# California H6 Report



## halberstram (Dec 31, 2011)

Hey all, I was hoping to get some help on this issue I've run into. I recently applied for a certain ambulance company here in California. Part of the process required I get a current copy of my DMV H6 driving history. No problem, I have nothing to hide (or so I thought). Roughly 11 years ago I got popped going 101 mph on I-5 in the dead of night, no other cars on the road, and I was a dumb kid. Needless to say, I got 2 points on my record, paid a fine and in 7(!) years the points came off. About 5 years ago I made a u turn in a business district, got a ticket, but avoided the 1 point penalty by going to traffic school. Although these violations are listed on this report, I have ZERO points on my record. 
I submitted the report to the hiring agency, and received an email saying thanks but no thanks, please re-apply when you don't have so many points on your record. Um, I DON'T!
What's the deal? I'm not a lawless dirtbag, I swear. Any advice would be much appreciated.


----------



## Chimpie (Dec 31, 2011)

We (myself or the members here) will not give you legal advice because our rules state:


> No Legal Advice or Attorney-Client Relationship
> Information contained on or made available through EMTLife forums is not intended to and does not constitute legal advice, recommendations, mediation or counseling of any kind under any circumstance and no attorney-client relationship is formed. Do not act on or rely on any information from EMTLife Message Boards without consulting with a licensed attorney.



Have you contacted the company and stated that you don't have any points?  Maybe they just saw the number of violations and assumed that there were points there as well.

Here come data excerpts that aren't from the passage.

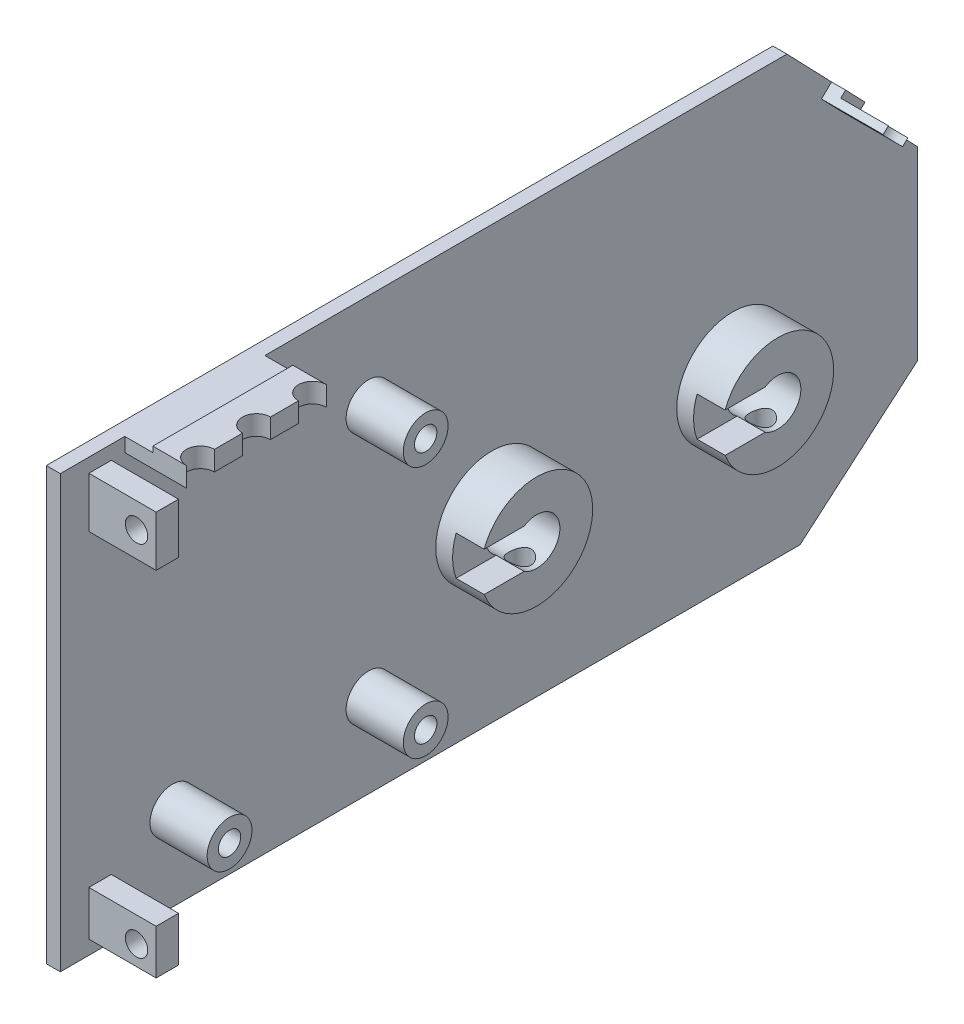
SolidWorks part; units mm, degrees
ref_plane "Front Plane" through (0, 0, 0) normal (0, 0, 1) x (1, 0, 0)
ref_plane "Top Plane" through (0, 0, 0) normal (0, 1, 0) x (1, 0, 0)
ref_plane "Right Plane" through (0, 0, 0) normal (1, 0, 0) x (0, 0, -1)
sketch "Sketch1" plane through (0, 0, 0) normal (1, 0, 0) x (0, 0, -1)
  line L0 (0, 0) -> (0, 77)
  line L1 (0, 77) -> (128, 77)
  line L2 (128, 77) -> (153, 51)
  line L3 (153, 51) -> (153, 18)
  line L4 (153, 18) -> (132, 0)
  line L5 (132, 0) -> (0, 0)
  dimension "D1" = 132
  dimension "D2" = 77
  dimension "D3" = 128
  dimension "D4" = 26
  dimension "D5" = 153
  dimension "D6" = 18
extrude "Base" add sketch "Sketch1" along normal blind 2.5
ref_plane "Middle" through (13.5, 0, 0) normal (1, 0, 0) x (0, 0, -1)
sketch "Sketch2" plane through (2.5, 0, 0) normal (1, 0, 0) x (0, 0, -1)
  circle A0 centre (20, 15) radius 4
  circle A1 centre (55, 15) radius 4
  circle A2 centre (55, 60) radius 4
  circle A3 centre (20, 15) radius 2
  circle A4 centre (55, 15) radius 2
  circle A5 centre (55, 60) radius 2
  dimension "D1" = 8
  dimension "D2" = 4
  dimension "D3" = 20
  dimension "D4" = 15
  dimension "D5" = 55
  dimension "D6" = 60
  dimension "D7" = 55
extrude "PCB_Mounts" add sketch "Sketch2" along normal blind 10.2
ref_plane "Plane1" through (0, 32, 0) normal (0, 1, 0) x (1, 0, 0)
sketch "Sketch3" plane through (2.5, 0, 0) normal (1, 0, 0) x (0, 0, -1)
  line L0 (5.775, 32) -> (-5.775, 32) construction
  circle A0 centre (77, 32) radius 4.15
  circle A1 centre (120, 32) radius 4.15
  circle A2 centre (77, 32) radius 10
  circle A3 centre (120, 32) radius 10
  dimension "D3" = 8.3
  dimension "D4" = 20
  dimension "D1" = 77
  dimension "D2" = 120
extrude "Boss-Extrude3" add sketch "Sketch3" along normal blind 8
sketch "Sketch4" plane through (10.5, 0, 0) normal (1, 0, 0) x (0, 0, -1)
  line L1 (74.7701, 35.5) -> (67, 35.5)
  line L2 (74.7701, 35.5) -> (74.7701, 28.5)
  line L3 (74.7701, 28.5) -> (67, 28.5)
  line L4 (67, 35.5) -> (67, 28.5)
  line L5 (117.7701, 35.5) -> (110, 35.5)
  line L6 (117.7701, 35.5) -> (117.7701, 28.5)
  line L7 (117.7701, 28.5) -> (110, 28.5)
  line L8 (110, 35.5) -> (110, 28.5)
  circle A0 centre (77, 32) radius 4.15 construction
  circle A1 centre (77, 32) radius 10 construction
  circle A2 centre (120, 32) radius 4.15 construction
  circle A3 centre (120, 32) radius 10 construction
  dimension "D1" = 7
extrude "Cut-Extrude1" cut sketch "Sketch4" against normal blind 5
ref_axis "Axis1" through (10.5, 32, -77) along (-1, 0, 0)
ref_axis "Axis2" through (10.5, 32, -120) along (-1, 0, 0)
sketch "Sketch5" plane through (0, 32, 0) normal (0, 1, 0) x (1, 0, 0)
  line L2 (10.5, 77) -> (2.5, 77) construction
  line L3 (10.5, 120) -> (2.5, 120) construction
  line L4 (10.5, 67.6325) -> (10.5, 87) construction
  circle A0 centre (7.5, 77) radius 2
  circle A1 centre (7.5, 120) radius 2
  dimension "D1" = 4
  dimension "D2" = 3
extrude "Cut-Extrude2" cut sketch "Sketch5" against normal through all
sketch "Sketch13" plane through (0, 77, 0) normal (0, 1, 0) x (1, 0, 0)
  line L1 (13.5, 11.5) -> (2.5, 11.5)
  line L2 (13.5, 11.5) -> (13.5, 36.5)
  line L3 (13.5, 36.5) -> (2.5, 36.5)
  line L4 (2.5, 11.5) -> (2.5, 36.5)
  line L5 (13.5, 11.5) -> (2.5, 36.5) construction
  line L6 (13.5, 36.5) -> (2.5, 11.5) construction
  line L7 (2.5, 128) -> (2.5, 0) construction
  line L8 (13.5, -42.35) -> (13.5, 42.35) construction
  point P0 (8, 24)
  dimension "D1" = 24
  dimension "D2" = 25
extrude "Boss-Extrude8" add sketch "Sketch13" against normal blind 2.5
sketch "Sketch15" plane through (0, 77, 0) normal (0, 1, 0) x (1, 0, 0)
  line L0 (13.5, 11.5) -> (13.5, 36.5) construction
  line L1 (13.5, 11.5) -> (7.5, 11.5)
  line L2 (13.5, 11.5) -> (13.5, 36.5)
  line L3 (13.5, 36.5) -> (7.5, 36.5)
  line L4 (7.5, 11.5) -> (7.5, 36.5)
  point P6 (13.5, 24)
  point P7 (13.5, 24)
  dimension "D1" = 6
  dimension "D2" = 25
extrude "Boss-Extrude9" add sketch "Sketch15" along normal blind 1 and the other way blind 2.5
sketch "Sketch16" plane through (0, 78, 0) normal (0, 1, 0) x (1, 0, 0)
  line L0 (13.5, 11.5) -> (13.5, 36.5) construction
  circle A0 centre (13.5, 24) radius 2.5
  circle A1 centre (13.5, 34) radius 2.5
  circle A2 centre (13.5, 14) radius 2.5
  dimension "D3" = 5
  dimension "D1" = 10
  dimension "D2" = 10
extrude "Cut-Extrude4" cut sketch "Sketch16" against normal up to next
sketch "Sketch9" plane through (0, 0, 0) normal (-1, 0, 0) x (0, 0, 1)
  line L0 (-128, 77) -> (-129.6647, 77)
  line L1 (-129.6647, 77) -> (-141.101, 65.1063)
  line L2 (-141.101, 65.1063) -> (-140.236, 64.2745)
  line L3 (-153, 51) -> (-128, 77) construction
  line L4 (-140.236, 64.2745) -> (-128, 77)
  dimension "D1" = 1.2
  dimension "D2" = 16.5
extrude "Boss-Extrude5" add sketch "Sketch9" against normal up to vertex (2.5 mm away) up to point (2.5, 77, -128)
sketch "Sketch10" plane through (2.5, 0, 0) normal (1, 0, 0) x (0, 0, -1)
  line L0 (141.101, 65.1063) -> (137.6355, 68.7104)
  line L1 (141.101, 65.1063) -> (139.299, 63.3735)
  line L2 (137.6355, 68.7104) -> (135.8334, 66.9776)
  line L3 (139.299, 63.3735) -> (135.8334, 66.9776)
  line L4 (129.6647, 77) -> (141.101, 65.1063) construction
  dimension "D1" = 2.5
  dimension "D2" = 5
extrude "Boss-Extrude6" add sketch "Sketch10" along normal blind 2.5
sketch "Sketch12" plane through (0, 100.0405, -104.0422) normal (0, -0.6931, 0.7208) x (1, 0, 0)
  line L0 (5, -45.8676) -> (5, -50.8676)
  line L1 (5, -45.8676) -> (13.5, -45.8676)
  line L2 (5, -50.8676) -> (13.5, -50.8676)
  line L4 (0, -69.2831) -> (0, -50.8676) construction
  arc A0 (13.5, -45.8676) -> (13.5, -50.8676) centre (13.5, -48.3676) ccw
  dimension "D1" = 2.5
  dimension "D2" = 13.5
extrude "Boss-Extrude7" add sketch "Sketch12" against normal blind 1.3
ref_plane "Screw_Mounts" through (11, 0, 0) normal (1, 0, 0) x (0, 0, -1)
sketch "Sketch17" plane through (2.5, 0, 0) normal (1, 0, 0) x (0, 0, -1)
  line L0 (0, 77) -> (0, 0) construction
  line L1 (5.1, 74.5) -> (9.1, 74.5)
  line L2 (5.1, 74.5) -> (5.1, 65.5)
  line L3 (5.1, 65.5) -> (9.1, 65.5)
  line L4 (9.1, 74.5) -> (9.1, 65.5)
  line L5 (5.1, 10.5) -> (9.1, 10.5)
  line L6 (5.1, 10.5) -> (5.1, 2.5)
  line L7 (5.1, 2.5) -> (9.1, 2.5)
  line L8 (9.1, 10.5) -> (9.1, 2.5)
  line L9 (11.5, 77) -> (0, 77) construction
  dimension "D1" = 5.1
  dimension "D2" = 2.5
  dimension "D3" = 8
  dimension "D4" = 4
  dimension "D5" = 2.5
  dimension "D6" = 9
extrude "Boss-Extrude10" add sketch "Sketch17" along normal blind 12
sketch "Sketch18" plane through (0, 0, -5.1) normal (0, 0, 1) x (1, 0, 0)
  line L0 (11, -5.0397) -> (11, 5.0397) construction
  circle A0 centre (11, 6) radius 2
  circle A1 centre (11, 70) radius 2
  dimension "D3" = 4
  dimension "D1" = 6
  dimension "D2" = 70
extrude "Cut-Extrude5" cut sketch "Sketch18" against normal up to next
equation "\"D2@Sketch16\"=\"D1@Sketch16\""

Then again, maybe they don't want someone who's had violations.


----------



## halberstram (Dec 31, 2011)

Thank you for your reply. I wasn't seeking legal advice, simply some insight. 
I do currently work as an EMT and am in paramedic school, I've had countless DOJ checks, have my ambulance drivers card and all that stuff. 
Perhaps they did assume my speeding ticket and u-turn violation had points attached, which they do not. Again, it has been 10 years since I've even had a parking ticket. I did email the hiring manager, but I don't expect to hear back until after the holidays.
Perhaps you are correct, and they just don't want me working for their agency. 
Again, thank you for your reply. Have a good New Year.


----------



## Billybob (Dec 31, 2011)

Call DMV. Enough time has passed and they will remove the past occurrences from your record. Usually it will take a few weeks for the offenses to be removed.


----------



## halberstram (Dec 31, 2011)

Billybob said:


> Call DMV. Enough time has passed and they will remove the past occurrences from your record. Usually it will take a few weeks for the offenses to be removed.



Much appreciated, I'll head back down there first thing Monday morning. Thanks so much.


----------



## DrankTheKoolaid (Dec 31, 2011)

*re*

I'm not to sure that 101mph will ever drop in terms of the companys insurance company being able to see the offense.   That is wreckless driving, not just a simple speeding ticket.


----------



## halberstram (Dec 31, 2011)

Corky said:


> I'm not to sure that 101mph will ever drop in terms of the companys insurance company being able to see the offense.   That is wreckless driving, not just a simple speeding ticket.



Very true.


----------



## Akulahawk (Dec 31, 2011)

Once it drops off your H6, the insurance company might not be able to see it. They probably won't have completely unfettered access to your record. That being said, since the 100+ MPH ticket and the illegal U-turn haven't dropped off your H6, the company will probably look at you as undesirable and potentially uninsurable. They know they can find many qualified applicants that do NOT have anything on their H6, so that's probably how they decided to not further consider your application.


----------



## Akulahawk (Dec 31, 2011)

Corky said:


> I'm not to sure that 101mph will ever drop in terms of the companys insurance company being able to see the offense.   That is wreckless driving, not just a simple speeding ticket.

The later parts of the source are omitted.